Tiger Woods accepts special exemption for the US Open at Pinehurst No. 2 – Chicago Tribune

Tiger Woods accepted a special exemption for the US Open at Pinehurst No. 2, the first time the three-time champion has needed an exemption to play.

Woods has been exempt from every U.S. Open since he first played as the reigning U.S. Amateur champion in 1995. His five-year exemption for winning the 2019 Masters expired last year.

The waiver was expected and would likely be the first of many. The USGA is particular about who is exempt from qualifying, most recently awarding one in 2021 to Phil Mickelson.

Jack Nicklaus, with four US Open titles among his 18 professional majors, received a record eight special exemptions, including five in a row, until he stopped playing the US Open at Pebble Beach after 2000.

Arnold Palmer received five US Open exemptions, the last in 1994 when he returned to Oakmont, near his hometown, for a tearful farewell.

Woods won the 2000 US Open at Pebble Beach by 15 shots, a record winning margin for any major champion. He added another title at Bethpage Black in New York in 2002, and he famously won his third US Open at Torrey Pines in 2008, just a week before undergoing reconstructive surgery on his left knee.

“The US Open, our national championship, is truly a special event for our game and one that has helped define my career,” Woods said in a statement. “I am honored to receive this exemption and couldn’t be more excited for the opportunity to compete in this year’s US Open, especially at Pinehurst, a venue that means so much to the game.”

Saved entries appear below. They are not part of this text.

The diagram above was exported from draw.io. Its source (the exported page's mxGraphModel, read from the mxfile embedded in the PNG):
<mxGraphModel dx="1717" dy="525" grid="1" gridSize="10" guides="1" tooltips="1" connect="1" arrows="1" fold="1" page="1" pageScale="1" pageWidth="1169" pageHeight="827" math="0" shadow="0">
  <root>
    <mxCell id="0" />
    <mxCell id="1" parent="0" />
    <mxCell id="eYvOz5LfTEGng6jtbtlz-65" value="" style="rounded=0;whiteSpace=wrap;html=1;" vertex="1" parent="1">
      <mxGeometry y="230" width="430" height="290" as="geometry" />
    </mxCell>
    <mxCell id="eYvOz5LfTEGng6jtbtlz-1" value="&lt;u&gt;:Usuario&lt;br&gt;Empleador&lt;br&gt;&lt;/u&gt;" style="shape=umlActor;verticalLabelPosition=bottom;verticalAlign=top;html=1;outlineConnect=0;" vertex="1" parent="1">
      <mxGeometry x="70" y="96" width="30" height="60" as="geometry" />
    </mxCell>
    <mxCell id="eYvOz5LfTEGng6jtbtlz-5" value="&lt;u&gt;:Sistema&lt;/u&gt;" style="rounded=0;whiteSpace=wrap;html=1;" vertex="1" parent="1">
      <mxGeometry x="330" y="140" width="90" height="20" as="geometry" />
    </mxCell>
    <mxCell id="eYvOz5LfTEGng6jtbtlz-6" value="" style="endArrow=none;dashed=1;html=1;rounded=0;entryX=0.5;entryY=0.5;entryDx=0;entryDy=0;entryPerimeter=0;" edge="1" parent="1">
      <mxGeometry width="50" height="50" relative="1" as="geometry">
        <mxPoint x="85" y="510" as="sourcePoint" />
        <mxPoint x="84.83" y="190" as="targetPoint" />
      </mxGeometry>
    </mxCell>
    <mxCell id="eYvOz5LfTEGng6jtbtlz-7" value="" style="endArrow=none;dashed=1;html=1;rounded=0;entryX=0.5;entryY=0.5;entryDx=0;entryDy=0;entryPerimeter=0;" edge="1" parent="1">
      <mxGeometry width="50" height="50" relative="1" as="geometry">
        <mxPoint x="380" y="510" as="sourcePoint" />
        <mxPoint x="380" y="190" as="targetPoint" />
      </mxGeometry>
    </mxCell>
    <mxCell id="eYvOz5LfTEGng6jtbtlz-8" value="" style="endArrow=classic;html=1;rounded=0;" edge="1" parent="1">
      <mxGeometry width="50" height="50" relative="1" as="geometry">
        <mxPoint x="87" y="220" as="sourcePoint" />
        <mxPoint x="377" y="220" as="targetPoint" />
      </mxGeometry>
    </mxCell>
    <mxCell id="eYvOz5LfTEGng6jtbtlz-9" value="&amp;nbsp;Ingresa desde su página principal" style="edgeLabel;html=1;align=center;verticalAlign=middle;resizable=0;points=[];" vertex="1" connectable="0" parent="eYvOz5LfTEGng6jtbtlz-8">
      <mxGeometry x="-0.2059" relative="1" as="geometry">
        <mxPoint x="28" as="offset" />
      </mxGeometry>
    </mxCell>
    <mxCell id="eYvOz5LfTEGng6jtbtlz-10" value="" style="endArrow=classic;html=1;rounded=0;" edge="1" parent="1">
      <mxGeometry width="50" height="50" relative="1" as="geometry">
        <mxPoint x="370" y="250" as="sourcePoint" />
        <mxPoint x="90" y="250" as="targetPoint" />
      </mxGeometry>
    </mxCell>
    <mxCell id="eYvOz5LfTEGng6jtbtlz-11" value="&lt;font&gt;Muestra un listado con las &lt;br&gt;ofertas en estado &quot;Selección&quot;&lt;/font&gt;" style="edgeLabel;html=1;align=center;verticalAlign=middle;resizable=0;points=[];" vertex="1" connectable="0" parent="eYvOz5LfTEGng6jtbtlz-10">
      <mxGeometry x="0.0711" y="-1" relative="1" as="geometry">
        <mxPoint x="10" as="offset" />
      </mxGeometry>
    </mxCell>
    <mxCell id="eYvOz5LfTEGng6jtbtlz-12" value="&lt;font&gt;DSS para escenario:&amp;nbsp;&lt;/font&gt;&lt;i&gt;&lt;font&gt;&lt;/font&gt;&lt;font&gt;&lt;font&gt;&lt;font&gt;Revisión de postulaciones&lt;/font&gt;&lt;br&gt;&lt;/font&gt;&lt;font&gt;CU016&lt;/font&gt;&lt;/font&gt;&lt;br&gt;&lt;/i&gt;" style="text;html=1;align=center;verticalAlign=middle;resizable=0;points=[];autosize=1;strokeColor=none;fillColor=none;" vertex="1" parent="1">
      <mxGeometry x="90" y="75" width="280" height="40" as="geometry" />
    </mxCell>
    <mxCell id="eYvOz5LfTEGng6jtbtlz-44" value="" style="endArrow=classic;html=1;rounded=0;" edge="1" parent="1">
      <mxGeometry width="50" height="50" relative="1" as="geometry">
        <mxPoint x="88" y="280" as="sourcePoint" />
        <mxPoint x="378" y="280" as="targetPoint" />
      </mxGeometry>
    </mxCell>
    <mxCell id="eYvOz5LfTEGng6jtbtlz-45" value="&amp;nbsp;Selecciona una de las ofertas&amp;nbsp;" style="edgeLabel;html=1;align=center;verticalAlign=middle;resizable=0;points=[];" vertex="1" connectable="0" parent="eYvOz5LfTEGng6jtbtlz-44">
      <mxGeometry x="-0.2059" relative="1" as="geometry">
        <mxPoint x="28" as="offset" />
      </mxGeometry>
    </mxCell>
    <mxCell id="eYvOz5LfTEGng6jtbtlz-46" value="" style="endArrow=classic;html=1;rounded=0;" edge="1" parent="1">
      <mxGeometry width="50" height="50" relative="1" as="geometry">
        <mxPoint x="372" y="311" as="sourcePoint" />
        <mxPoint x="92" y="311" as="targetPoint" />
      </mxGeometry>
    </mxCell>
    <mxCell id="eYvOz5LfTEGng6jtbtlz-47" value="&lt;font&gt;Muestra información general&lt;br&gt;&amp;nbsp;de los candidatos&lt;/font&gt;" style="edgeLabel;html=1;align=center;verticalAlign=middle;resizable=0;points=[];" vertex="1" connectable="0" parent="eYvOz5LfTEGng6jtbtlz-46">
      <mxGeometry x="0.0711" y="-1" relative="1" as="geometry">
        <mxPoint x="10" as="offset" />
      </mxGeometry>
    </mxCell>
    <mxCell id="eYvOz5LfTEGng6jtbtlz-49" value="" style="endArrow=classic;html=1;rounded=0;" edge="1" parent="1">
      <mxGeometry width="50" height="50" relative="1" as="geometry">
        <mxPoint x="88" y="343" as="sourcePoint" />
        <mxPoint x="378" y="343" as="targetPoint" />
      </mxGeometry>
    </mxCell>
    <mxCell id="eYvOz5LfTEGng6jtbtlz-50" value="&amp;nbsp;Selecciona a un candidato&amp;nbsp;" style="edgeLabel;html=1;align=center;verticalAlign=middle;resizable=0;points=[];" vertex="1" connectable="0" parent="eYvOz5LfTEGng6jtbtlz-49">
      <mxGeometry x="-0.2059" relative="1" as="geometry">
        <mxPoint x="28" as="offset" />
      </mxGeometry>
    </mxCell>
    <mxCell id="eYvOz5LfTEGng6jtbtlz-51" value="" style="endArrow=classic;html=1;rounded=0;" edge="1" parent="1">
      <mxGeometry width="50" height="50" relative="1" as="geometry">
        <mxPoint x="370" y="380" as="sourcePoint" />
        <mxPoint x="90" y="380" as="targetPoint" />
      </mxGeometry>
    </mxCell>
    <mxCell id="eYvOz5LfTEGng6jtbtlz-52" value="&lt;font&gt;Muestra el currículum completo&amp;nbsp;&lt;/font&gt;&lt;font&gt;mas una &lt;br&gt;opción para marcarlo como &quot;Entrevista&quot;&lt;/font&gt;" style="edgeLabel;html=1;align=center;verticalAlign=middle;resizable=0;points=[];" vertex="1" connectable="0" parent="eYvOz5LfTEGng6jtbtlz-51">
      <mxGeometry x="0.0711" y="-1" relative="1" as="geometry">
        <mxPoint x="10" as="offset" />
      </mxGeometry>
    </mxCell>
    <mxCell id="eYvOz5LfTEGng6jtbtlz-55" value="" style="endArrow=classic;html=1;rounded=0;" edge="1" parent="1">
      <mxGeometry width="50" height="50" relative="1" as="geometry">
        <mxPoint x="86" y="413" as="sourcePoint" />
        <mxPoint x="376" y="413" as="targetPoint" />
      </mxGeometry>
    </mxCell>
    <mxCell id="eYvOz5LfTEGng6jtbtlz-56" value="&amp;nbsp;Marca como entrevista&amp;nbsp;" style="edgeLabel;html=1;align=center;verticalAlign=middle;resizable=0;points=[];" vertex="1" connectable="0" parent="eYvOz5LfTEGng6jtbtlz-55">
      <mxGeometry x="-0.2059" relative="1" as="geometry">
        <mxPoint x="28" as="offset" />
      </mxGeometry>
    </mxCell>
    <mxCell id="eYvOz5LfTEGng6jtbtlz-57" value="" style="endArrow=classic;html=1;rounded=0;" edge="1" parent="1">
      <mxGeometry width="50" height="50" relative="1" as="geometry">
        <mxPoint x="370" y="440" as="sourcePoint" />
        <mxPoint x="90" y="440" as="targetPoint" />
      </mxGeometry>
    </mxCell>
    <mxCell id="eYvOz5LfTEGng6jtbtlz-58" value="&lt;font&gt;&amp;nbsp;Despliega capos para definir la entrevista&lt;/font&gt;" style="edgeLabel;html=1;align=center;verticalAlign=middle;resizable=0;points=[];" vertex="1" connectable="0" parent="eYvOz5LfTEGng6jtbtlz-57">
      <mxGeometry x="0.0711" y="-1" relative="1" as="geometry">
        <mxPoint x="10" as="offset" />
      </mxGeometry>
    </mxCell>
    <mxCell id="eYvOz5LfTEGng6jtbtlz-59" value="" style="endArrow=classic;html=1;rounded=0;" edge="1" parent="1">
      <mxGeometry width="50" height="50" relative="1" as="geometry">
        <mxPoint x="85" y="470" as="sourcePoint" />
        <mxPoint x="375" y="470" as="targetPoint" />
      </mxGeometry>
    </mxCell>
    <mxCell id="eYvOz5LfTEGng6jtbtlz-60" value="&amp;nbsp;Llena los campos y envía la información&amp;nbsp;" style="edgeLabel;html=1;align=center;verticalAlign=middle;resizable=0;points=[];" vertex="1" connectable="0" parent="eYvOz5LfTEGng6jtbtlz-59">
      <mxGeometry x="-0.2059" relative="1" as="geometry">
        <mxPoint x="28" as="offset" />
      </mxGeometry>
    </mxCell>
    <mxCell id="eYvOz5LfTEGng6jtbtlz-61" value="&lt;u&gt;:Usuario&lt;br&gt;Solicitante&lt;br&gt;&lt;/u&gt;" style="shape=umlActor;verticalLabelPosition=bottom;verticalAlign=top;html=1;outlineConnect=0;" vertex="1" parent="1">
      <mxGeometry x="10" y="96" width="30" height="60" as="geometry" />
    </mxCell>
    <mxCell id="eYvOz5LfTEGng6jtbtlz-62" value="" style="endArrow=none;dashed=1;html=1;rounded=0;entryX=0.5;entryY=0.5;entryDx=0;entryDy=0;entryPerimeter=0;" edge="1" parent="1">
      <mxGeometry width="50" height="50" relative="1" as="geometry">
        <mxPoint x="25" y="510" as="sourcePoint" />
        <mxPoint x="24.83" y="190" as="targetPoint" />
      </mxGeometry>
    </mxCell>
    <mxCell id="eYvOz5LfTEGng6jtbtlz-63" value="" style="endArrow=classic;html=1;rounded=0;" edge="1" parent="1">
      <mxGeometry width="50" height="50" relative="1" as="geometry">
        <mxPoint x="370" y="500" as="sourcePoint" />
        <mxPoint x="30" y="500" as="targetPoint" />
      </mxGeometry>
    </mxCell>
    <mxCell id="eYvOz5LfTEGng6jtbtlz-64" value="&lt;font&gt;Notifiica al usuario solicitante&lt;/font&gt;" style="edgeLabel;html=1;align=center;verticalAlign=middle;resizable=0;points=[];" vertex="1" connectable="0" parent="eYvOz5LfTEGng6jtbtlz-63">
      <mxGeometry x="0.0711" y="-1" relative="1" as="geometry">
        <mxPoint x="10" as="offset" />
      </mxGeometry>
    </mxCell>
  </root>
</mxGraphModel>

The US Open is June 13-16 at Pinehurst No. 2, where the Open will be held for the fourth time. Woods finished third, two shots behind the late Payne Stewart, in 1999. He was second at Pinehurst in 2005 to Michael Campbell. He missed the most recent Open at Pinehurst in 2014 while recovering from the first of what would be four back surgeries.

Woods has a long history with the USGA as the only player to win the US Junior Amateur three times in a row, followed by the US Amateur three times in a row. His nine USGA championships are matched only by amateur great Bobby Jones.

Woods was selected earlier this year to receive the Bob Jones Award, the USGA’s highest honor.

“The story of the US Open could not be written without Tiger Woods,” said John Bodenhamer, USGA Chief Championships Officer. “From his 15-stroke win at Pebble Beach in 2000 to his inspiring win over a broken leg at Torrey Pines in 2008, this championship is simply better when Tiger is in the field, and his performance in the game has undoubtedly made this an easy one. decision made for our special exemption committee.”

It will be Woods’ first time competing in the US Open since Winged Foot in 2020, which was held without fans in September due to the COVID-19 pandemic.

He crashed his car in Los Angeles and seriously injured his right leg and ankle in February 2021, causing him to miss the US Open’s return to Torrey Pines. While he returned to competition a year later, the US Open at Brookline in 2022 was the only major he did not play. A year ago, Woods underwent surgery on his right ankle after the Masters and did not play the rest of the year, missing the US Open debut at Los Angeles Country Club.

Woods last competed in the US Open in 2010 at Pebble Beach, where he shot 66 points in the third round but then closed with a 75 to tie for fourth place.

He is expected to play in the PGA Championship in two weeks at Valhalla, where he won in 2000 on his way to capturing all four majors in a row. Woods said during a round of appearances on NBC shows earlier this week to promote his clothing line that his plan was to play in the remaining three majors.